Exercise goal
The required output is the lines of the listing from the beginning through the line containing "Compare To Constant2 : simulink/Logic", each copied exactly, without any pictures.

Working data
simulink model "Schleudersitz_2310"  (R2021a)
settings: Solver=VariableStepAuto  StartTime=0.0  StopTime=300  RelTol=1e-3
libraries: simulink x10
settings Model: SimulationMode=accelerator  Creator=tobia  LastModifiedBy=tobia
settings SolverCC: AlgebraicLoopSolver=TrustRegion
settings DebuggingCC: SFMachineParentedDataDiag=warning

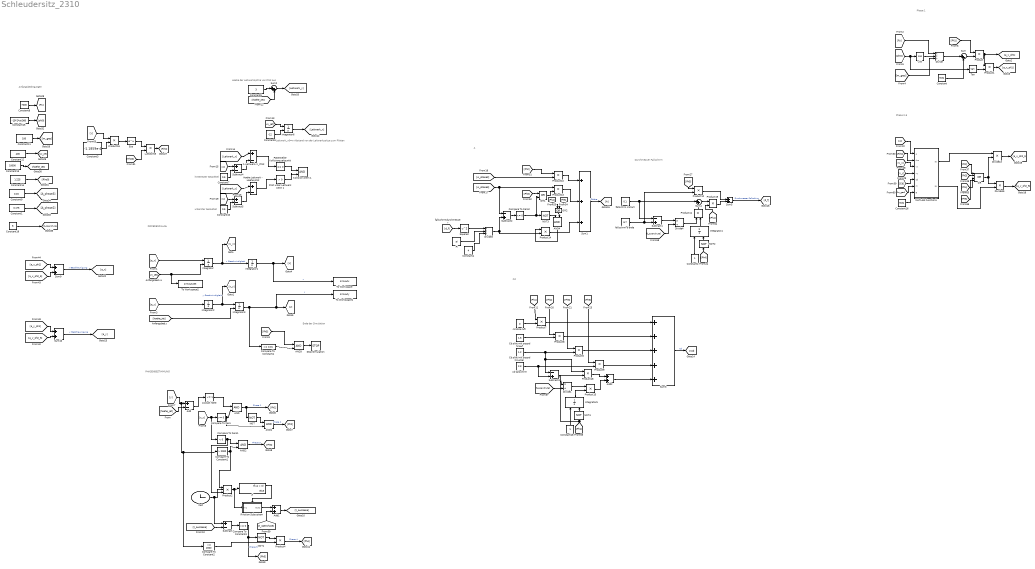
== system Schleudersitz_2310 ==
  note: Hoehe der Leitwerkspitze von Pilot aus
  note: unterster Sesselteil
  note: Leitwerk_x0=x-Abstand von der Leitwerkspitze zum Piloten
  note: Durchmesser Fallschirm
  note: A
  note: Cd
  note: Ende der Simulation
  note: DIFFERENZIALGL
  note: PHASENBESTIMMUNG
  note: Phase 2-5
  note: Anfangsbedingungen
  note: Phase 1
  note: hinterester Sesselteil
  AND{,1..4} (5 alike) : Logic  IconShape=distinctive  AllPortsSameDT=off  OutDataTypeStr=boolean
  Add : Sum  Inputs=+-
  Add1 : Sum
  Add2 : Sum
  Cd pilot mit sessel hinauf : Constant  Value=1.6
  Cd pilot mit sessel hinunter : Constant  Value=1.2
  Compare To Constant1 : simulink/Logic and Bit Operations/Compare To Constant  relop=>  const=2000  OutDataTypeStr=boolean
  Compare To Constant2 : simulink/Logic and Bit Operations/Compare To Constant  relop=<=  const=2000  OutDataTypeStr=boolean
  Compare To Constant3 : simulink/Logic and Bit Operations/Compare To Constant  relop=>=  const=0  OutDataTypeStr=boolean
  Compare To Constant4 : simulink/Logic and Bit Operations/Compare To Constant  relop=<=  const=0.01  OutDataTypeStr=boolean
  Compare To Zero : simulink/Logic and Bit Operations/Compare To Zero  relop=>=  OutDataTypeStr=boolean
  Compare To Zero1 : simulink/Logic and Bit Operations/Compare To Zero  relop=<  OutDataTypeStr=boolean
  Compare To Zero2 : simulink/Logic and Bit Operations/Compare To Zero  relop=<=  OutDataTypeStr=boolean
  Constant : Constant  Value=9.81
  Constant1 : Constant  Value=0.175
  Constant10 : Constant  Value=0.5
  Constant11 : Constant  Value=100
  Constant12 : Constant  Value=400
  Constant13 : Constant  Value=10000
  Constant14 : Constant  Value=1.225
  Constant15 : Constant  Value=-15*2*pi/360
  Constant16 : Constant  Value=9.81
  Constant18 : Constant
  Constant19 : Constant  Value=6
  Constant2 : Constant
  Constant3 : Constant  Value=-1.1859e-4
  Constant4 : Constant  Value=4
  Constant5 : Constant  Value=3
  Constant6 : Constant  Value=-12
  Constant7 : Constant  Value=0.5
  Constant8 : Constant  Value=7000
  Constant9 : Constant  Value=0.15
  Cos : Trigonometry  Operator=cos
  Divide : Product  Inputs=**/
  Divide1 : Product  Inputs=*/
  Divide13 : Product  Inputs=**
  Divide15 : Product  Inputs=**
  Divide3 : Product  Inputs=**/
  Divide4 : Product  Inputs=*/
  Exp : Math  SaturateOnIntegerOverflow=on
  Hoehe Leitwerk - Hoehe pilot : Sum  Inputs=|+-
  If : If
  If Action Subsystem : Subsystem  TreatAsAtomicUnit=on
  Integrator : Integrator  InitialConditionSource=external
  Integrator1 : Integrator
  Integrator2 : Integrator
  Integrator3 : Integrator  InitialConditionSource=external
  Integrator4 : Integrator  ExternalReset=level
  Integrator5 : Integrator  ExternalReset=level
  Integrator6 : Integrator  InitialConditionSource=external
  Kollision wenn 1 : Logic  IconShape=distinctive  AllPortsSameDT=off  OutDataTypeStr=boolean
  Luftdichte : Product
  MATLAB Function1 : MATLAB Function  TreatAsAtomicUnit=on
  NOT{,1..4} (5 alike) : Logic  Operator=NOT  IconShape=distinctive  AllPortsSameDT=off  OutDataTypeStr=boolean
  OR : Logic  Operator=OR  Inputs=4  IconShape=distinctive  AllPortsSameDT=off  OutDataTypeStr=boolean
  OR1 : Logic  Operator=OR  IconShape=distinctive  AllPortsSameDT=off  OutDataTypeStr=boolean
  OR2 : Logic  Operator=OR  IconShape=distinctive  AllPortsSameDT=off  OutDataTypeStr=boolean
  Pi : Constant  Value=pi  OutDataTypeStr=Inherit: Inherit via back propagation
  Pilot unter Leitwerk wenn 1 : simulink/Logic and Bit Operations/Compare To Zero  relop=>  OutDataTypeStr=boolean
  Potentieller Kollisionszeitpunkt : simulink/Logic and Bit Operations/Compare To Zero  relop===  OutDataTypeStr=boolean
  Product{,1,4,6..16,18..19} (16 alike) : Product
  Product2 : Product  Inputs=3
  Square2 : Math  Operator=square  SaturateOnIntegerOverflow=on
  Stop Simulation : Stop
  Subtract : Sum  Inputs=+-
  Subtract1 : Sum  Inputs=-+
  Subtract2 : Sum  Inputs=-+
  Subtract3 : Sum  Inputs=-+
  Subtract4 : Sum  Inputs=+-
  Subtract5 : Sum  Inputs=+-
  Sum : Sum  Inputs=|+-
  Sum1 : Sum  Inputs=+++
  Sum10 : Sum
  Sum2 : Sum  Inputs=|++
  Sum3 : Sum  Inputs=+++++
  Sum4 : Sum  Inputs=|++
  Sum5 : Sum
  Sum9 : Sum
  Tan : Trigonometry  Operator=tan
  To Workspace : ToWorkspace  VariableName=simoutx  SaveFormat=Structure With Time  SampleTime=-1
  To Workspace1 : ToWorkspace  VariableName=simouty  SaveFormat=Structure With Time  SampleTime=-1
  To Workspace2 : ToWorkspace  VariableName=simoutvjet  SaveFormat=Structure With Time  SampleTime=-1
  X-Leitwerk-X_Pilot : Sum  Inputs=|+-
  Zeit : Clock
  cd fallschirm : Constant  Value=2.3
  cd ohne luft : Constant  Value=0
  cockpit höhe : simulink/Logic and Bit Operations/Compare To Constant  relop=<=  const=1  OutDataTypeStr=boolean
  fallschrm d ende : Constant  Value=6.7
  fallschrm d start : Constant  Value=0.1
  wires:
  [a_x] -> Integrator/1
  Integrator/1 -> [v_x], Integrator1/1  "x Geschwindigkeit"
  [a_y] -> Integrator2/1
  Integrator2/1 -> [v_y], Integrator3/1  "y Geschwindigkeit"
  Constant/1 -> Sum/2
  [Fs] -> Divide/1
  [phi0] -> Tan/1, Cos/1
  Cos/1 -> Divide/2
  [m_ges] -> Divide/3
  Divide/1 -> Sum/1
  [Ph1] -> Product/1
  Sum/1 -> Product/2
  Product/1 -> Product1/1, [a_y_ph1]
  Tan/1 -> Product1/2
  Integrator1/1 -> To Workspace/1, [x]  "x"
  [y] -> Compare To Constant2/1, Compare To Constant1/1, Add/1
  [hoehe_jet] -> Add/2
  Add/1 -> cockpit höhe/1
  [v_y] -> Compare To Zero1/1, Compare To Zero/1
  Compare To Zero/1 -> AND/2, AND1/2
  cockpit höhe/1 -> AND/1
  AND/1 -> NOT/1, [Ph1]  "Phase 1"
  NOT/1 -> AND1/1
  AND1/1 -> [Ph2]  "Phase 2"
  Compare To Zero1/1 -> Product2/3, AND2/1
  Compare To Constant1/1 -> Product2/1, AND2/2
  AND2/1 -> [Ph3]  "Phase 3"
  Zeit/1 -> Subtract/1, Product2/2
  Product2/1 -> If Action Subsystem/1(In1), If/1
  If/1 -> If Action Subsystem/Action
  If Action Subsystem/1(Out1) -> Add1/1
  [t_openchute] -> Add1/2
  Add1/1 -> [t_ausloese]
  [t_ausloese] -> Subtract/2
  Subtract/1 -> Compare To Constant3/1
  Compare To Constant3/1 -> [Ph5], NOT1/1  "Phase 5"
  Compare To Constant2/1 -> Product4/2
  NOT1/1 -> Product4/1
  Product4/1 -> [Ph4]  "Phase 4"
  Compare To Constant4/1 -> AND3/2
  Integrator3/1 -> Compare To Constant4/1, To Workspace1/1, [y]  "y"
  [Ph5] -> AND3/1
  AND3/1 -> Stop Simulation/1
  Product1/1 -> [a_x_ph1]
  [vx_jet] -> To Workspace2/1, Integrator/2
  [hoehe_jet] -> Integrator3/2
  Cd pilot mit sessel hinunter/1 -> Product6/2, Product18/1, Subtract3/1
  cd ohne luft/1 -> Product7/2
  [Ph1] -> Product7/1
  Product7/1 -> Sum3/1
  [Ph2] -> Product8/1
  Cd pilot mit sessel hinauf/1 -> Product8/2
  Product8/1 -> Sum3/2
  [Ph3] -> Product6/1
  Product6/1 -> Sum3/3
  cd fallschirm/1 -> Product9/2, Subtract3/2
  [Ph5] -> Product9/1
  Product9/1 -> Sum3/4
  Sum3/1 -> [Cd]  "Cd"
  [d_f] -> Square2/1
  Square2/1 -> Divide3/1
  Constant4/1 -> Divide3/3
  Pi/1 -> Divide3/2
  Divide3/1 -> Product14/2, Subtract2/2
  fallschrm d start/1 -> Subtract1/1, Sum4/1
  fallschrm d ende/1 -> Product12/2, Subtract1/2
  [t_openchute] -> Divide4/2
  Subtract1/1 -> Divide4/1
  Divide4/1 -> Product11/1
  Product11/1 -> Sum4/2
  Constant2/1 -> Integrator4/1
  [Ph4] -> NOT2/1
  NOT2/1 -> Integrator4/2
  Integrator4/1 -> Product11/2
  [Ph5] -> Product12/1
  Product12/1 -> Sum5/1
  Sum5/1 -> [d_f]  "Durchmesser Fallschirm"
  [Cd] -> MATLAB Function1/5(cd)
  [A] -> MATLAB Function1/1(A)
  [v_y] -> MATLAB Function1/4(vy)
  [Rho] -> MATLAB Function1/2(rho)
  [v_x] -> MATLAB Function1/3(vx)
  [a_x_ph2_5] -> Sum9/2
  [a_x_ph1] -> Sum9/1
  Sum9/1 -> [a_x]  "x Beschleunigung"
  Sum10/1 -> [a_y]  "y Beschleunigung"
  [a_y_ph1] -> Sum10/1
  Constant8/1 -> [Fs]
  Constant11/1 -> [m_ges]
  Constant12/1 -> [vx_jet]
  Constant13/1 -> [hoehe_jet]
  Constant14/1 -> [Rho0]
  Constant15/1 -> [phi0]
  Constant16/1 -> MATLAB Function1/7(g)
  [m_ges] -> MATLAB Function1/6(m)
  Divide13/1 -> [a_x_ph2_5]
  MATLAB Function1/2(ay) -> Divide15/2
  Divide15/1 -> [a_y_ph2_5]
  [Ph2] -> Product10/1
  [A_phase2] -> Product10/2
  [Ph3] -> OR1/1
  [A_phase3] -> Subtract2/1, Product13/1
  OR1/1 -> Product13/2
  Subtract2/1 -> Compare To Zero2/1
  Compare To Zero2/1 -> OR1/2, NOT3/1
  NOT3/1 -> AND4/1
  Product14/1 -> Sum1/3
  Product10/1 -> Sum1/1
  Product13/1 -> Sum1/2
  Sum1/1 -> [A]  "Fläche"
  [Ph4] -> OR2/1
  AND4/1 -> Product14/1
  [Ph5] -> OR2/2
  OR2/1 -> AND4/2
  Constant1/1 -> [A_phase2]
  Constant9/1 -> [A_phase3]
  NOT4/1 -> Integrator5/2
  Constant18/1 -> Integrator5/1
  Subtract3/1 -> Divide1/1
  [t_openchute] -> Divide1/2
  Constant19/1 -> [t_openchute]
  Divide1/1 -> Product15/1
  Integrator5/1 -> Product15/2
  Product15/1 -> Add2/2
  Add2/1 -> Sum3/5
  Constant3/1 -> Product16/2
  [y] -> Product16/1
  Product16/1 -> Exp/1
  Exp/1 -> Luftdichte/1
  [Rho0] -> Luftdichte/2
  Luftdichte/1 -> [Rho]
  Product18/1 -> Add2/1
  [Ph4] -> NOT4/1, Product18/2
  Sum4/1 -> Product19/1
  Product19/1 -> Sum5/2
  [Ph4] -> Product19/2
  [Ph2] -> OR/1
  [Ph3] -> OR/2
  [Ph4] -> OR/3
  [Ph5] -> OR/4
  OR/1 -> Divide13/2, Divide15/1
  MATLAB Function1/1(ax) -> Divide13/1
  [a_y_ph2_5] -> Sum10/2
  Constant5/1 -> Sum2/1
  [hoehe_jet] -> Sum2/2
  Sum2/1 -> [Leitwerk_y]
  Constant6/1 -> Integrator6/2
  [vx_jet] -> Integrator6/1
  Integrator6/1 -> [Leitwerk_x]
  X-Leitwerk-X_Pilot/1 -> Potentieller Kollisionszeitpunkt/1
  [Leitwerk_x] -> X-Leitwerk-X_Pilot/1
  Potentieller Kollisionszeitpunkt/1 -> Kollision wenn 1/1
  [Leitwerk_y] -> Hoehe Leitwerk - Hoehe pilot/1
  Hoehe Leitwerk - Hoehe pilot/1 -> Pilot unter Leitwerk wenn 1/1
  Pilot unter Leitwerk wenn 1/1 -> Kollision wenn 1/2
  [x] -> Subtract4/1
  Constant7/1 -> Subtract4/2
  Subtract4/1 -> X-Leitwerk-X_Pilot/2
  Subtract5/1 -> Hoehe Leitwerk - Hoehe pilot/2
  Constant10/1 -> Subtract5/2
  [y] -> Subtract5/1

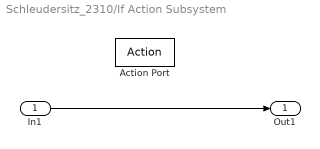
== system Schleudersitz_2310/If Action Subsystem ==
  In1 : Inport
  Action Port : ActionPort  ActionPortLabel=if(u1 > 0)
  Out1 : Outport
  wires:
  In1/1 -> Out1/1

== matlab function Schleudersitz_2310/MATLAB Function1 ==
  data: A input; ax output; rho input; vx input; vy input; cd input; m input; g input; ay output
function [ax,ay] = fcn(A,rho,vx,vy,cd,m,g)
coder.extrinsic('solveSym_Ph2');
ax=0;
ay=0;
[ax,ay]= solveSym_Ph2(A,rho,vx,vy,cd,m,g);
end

Result of this exercise
simulink model "Schleudersitz_2310"  (R2021a)
settings: Solver=VariableStepAuto  StartTime=0.0  StopTime=300  RelTol=1e-3
libraries: simulink x10
settings Model: SimulationMode=accelerator  Creator=tobia  LastModifiedBy=tobia
settings SolverCC: AlgebraicLoopSolver=TrustRegion
settings DebuggingCC: SFMachineParentedDataDiag=warning

== system Schleudersitz_2310 ==
  note: Hoehe der Leitwerkspitze von Pilot aus
  note: unterster Sesselteil
  note: Leitwerk_x0=x-Abstand von der Leitwerkspitze zum Piloten
  note: Durchmesser Fallschirm
  note: A
  note: Cd
  note: Ende der Simulation
  note: DIFFERENZIALGL
  note: PHASENBESTIMMUNG
  note: Phase 2-5
  note: Anfangsbedingungen
  note: Phase 1
  note: hinterester Sesselteil
  AND{,1..4} (5 alike) : Logic  IconShape=distinctive  AllPortsSameDT=off  OutDataTypeStr=boolean
  Add : Sum  Inputs=+-
  Add1 : Sum
  Add2 : Sum
  Cd pilot mit sessel hinauf : Constant  Value=1.6
  Cd pilot mit sessel hinunter : Constant  Value=1.2
  Compare To Constant1 : simulink/Logic and Bit Operations/Compare To Constant  relop=>  const=2000  OutDataTypeStr=boolean
  Compare To Constant2 : simulink/Logic and Bit Operations/Compare To Constant  relop=<=  const=2000  OutDataTypeStr=boolean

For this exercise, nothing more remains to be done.